De Jager, with his size and therefore massive influential presence at lineout time, was missed as much as Marx was, and that cues the question of whether Erasmus and coach Jacques Nienaber got it right when it came to their decision not to call for a specialist hooker replacement.

They get full marks for being bold, and for me, Deon Fourie was one of the unsung heroes of the World Cup win, but the jury should remain out on whether backing the flanker to fulfil his old role as a hooker was the right decision as it was the lineout dysfunction as much as anything that brought the All Blacks back into the final when the Boks looked like they were in control.

In fact, the final merits a bit of revisiting in this wash-up of the Bok triumph. There is a perception, an understandable one too, that the game was decided when All Black captain Sam Cane was red-carded.

But that is not as clear-cut as many think. A team is often galvanised when a player is red carded, the Bok performance against France in Marseille last November and England’s win over Argentina in the opening rounds of the World Cup being obvious examples.

All Black centre Rieko Ioane seemed convinced that he and his teammates lifted themselves when Cane was sent off, and there is no reason to disbelieve him. If it happened, it wouldn’t be the first time.

MBONAMBI INJURY OFFSET IMPACT OF ANY CARD

Even if we ignore the fact the Boks were also down to 14 men for 20 minutes, what is not debatable is that the incident that saw Shannon Frizell yellow carded and Bongi Mbonambi injured in just the third minute of the game did off-set the impact of any All Black cards.

Losing their only specialist hooker at that point was probably the worst nightmare. Well, just behind the same thing happening to the scrumhalf, Faf de Klerk, for Erasmus and Nienaber.

The Boks controlled the early parts of the game but for those of us watching, the probable impact of Mbonambi going off so early was always nagging uncomfortably in the background.

If you can’t control your lineouts, it is so hard to gain any kind of momentum and keep it.
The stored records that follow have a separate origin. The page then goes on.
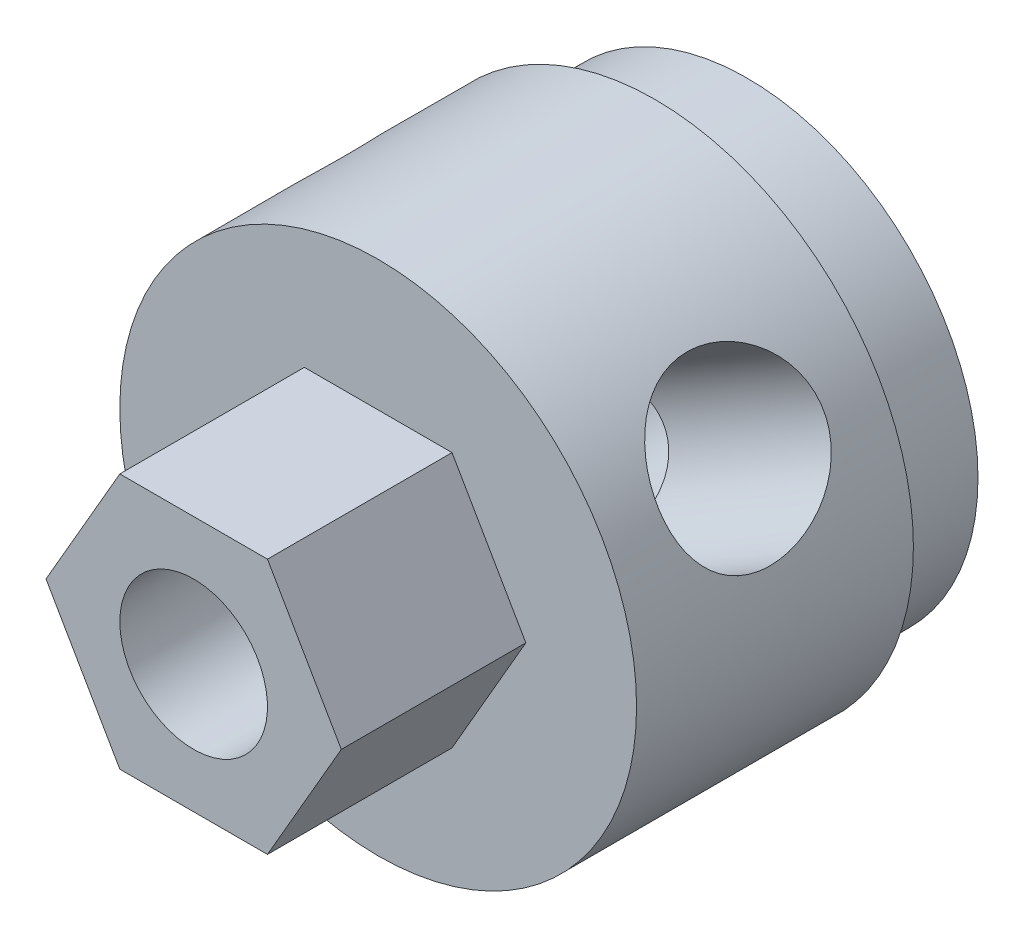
ISO-10303-21;
HEADER;
FILE_DESCRIPTION(('STEP AP214'),'2;1');
FILE_NAME('part.step','',(''),(''),'','','');
FILE_SCHEMA(('AUTOMOTIVE_DESIGN { 1 0 10303 214 1 1 1 1 }'));
ENDSEC;
DATA;
#1=APPLICATION_CONTEXT('core data for automotive mechanical design processes');
#2=APPLICATION_PROTOCOL_DEFINITION('international standard','automotive_design',2000,#1);
#3=PRODUCT_CONTEXT('',#1,'mechanical');
#4=PRODUCT('Part','Part','',(#3));
#5=PRODUCT_RELATED_PRODUCT_CATEGORY('part','',(#4));
#6=PRODUCT_DEFINITION_FORMATION('','',#4);
#7=PRODUCT_DEFINITION_CONTEXT('part definition',#1,'design');
#8=PRODUCT_DEFINITION('design','',#6,#7);
#9=PRODUCT_DEFINITION_SHAPE('','',#8);
#10=(LENGTH_UNIT() NAMED_UNIT(*) SI_UNIT(.MILLI.,.METRE.));
#11=(NAMED_UNIT(*) PLANE_ANGLE_UNIT() SI_UNIT($,.RADIAN.));
#12=(NAMED_UNIT(*) SI_UNIT($,.STERADIAN.) SOLID_ANGLE_UNIT());
#13=UNCERTAINTY_MEASURE_WITH_UNIT(LENGTH_MEASURE(1.E-05),#10,'distance_accuracy_value','');
#14=(GEOMETRIC_REPRESENTATION_CONTEXT(3) GLOBAL_UNCERTAINTY_ASSIGNED_CONTEXT((#13)) GLOBAL_UNIT_ASSIGNED_CONTEXT((#10,
#11,#12)) REPRESENTATION_CONTEXT('',''));
#15=CARTESIAN_POINT('',(0.,0.,0.));
#16=DIRECTION('',(0.,0.,1.));
#17=DIRECTION('',(1.,0.,0.));
#18=AXIS2_PLACEMENT_3D('',#15,#16,#17);
#19=CARTESIAN_POINT('',(0.,0.,7.62));
#20=DIRECTION('',(0.,0.,-1.));
#21=DIRECTION('',(-1.,0.,0.));
#22=AXIS2_PLACEMENT_3D('',#19,#20,#21);
#23=CYLINDRICAL_SURFACE('',#22,1.016);
#24=CARTESIAN_POINT('',(0.,0.,7.62));
#25=DIRECTION('',(0.,0.,-1.));
#26=DIRECTION('',(-1.,0.,0.));
#27=AXIS2_PLACEMENT_3D('',#24,#25,#26);
#28=CIRCLE('',#27,1.016);
#29=CARTESIAN_POINT('',(-1.016,0.,7.62));
#30=VERTEX_POINT('',#29);
#31=EDGE_CURVE('E210',#30,#30,#28,.T.);
#32=ORIENTED_EDGE('',*,*,#31,.F.);
#33=EDGE_LOOP('',(#32));
#34=FACE_BOUND('',#33,.T.);
#35=CARTESIAN_POINT('',(1.016,0.,3.69863441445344));
#36=CARTESIAN_POINT('',(1.01603355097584,-0.0319719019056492,3.69849554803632));
#37=CARTESIAN_POINT('',(1.01449438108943,-0.0636941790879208,3.70156606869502));
#38=CARTESIAN_POINT('',(1.00868366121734,-0.12545036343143,3.71264536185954));
#39=CARTESIAN_POINT('',(1.00446171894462,-0.155504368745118,3.72056438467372));
#40=CARTESIAN_POINT('',(0.991109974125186,-0.227809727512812,3.74456172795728));
#41=CARTESIAN_POINT('',(0.980601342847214,-0.269070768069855,3.76272910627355));
#42=CARTESIAN_POINT('',(0.955258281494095,-0.348563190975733,3.80310135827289));
#43=CARTESIAN_POINT('',(0.940378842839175,-0.386757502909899,3.82534728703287));
#44=CARTESIAN_POINT('',(0.909633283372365,-0.453796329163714,3.86751355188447));
#45=CARTESIAN_POINT('',(0.894395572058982,-0.483107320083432,3.88715953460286));
#46=CARTESIAN_POINT('',(0.861292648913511,-0.53991901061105,3.9268605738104));
#47=CARTESIAN_POINT('',(0.843425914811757,-0.56741864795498,3.94691586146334));
#48=CARTESIAN_POINT('',(0.785987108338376,-0.647119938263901,4.0066911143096));
#49=CARTESIAN_POINT('',(0.74246382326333,-0.69676790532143,4.04618498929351));
#50=CARTESIAN_POINT('',(0.656277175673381,-0.777274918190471,4.11199760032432));
#51=CARTESIAN_POINT('',(0.615848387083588,-0.809799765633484,4.13922227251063));
#52=CARTESIAN_POINT('',(0.528732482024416,-0.869175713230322,4.18959825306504));
#53=CARTESIAN_POINT('',(0.48205417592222,-0.89603466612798,4.21275519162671));
#54=CARTESIAN_POINT('',(0.392482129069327,-0.938173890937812,4.24937341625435));
#55=CARTESIAN_POINT('',(0.350584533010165,-0.954687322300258,4.26384272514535));
#56=CARTESIAN_POINT('',(0.263717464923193,-0.982232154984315,4.28807213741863));
#57=CARTESIAN_POINT('',(0.218750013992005,-0.993267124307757,4.29783530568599));
#58=CARTESIAN_POINT('',(0.126614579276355,-1.00916822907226,4.31192559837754));
#59=CARTESIAN_POINT('',(0.0794355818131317,-1.01399909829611,4.31622164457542));
#60=CARTESIAN_POINT('',(-0.0152982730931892,-1.01698844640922,4.31887844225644));
#61=CARTESIAN_POINT('',(-0.0628530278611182,-1.01514868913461,4.31724076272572));
#62=CARTESIAN_POINT('',(-0.152358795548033,-1.00542691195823,4.30861020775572));
#63=CARTESIAN_POINT('',(-0.194423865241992,-0.99811428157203,4.30212203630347));
#64=CARTESIAN_POINT('',(-0.276465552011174,-0.978571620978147,4.28485341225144));
#65=CARTESIAN_POINT('',(-0.316441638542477,-0.966340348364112,4.27407187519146));
#66=CARTESIAN_POINT('',(-0.395938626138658,-0.936695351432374,4.24809677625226));
#67=CARTESIAN_POINT('',(-0.435281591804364,-0.919010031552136,4.23267337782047));
#68=CARTESIAN_POINT('',(-0.510310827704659,-0.879566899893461,4.19858849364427));
#69=CARTESIAN_POINT('',(-0.545996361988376,-0.857808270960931,4.17992635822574));
#70=CARTESIAN_POINT('',(-0.631200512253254,-0.798601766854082,4.12977234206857));
#71=CARTESIAN_POINT('',(-0.678211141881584,-0.758894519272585,4.09666992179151));
#72=CARTESIAN_POINT('',(-0.763523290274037,-0.673036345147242,4.02736445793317));
#73=CARTESIAN_POINT('',(-0.801783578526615,-0.626856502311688,3.99114779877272));
#74=CARTESIAN_POINT('',(-0.870476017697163,-0.527515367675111,3.91748746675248));
#75=CARTESIAN_POINT('',(-0.900698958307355,-0.474213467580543,3.88003516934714));
#76=CARTESIAN_POINT('',(-0.938974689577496,-0.389275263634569,3.8271159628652));
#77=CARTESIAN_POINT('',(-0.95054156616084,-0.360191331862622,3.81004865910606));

And after a few initial safe throws from Fourie, that proved to be the case.

That’s another area where this World Cup was so different for the Boks in comparison to the last one.

From memory, the Boks lost one lineout in the tournament in Japan, in this tournament the lineout creaked regularly. As did some other aspects of set phase that were bankers four years ago.

And yet they still found a way to win, not just in the final but in the other two playoff games.

That amounts to a stupendous achievement, and their ability to win in adversity, their ability to adjust tactics and think on the hoof when it was needed, and their adeptness at learning from mistakes and internalising them, should be the real overriding narrative of this fourth Bok World Cup triumph.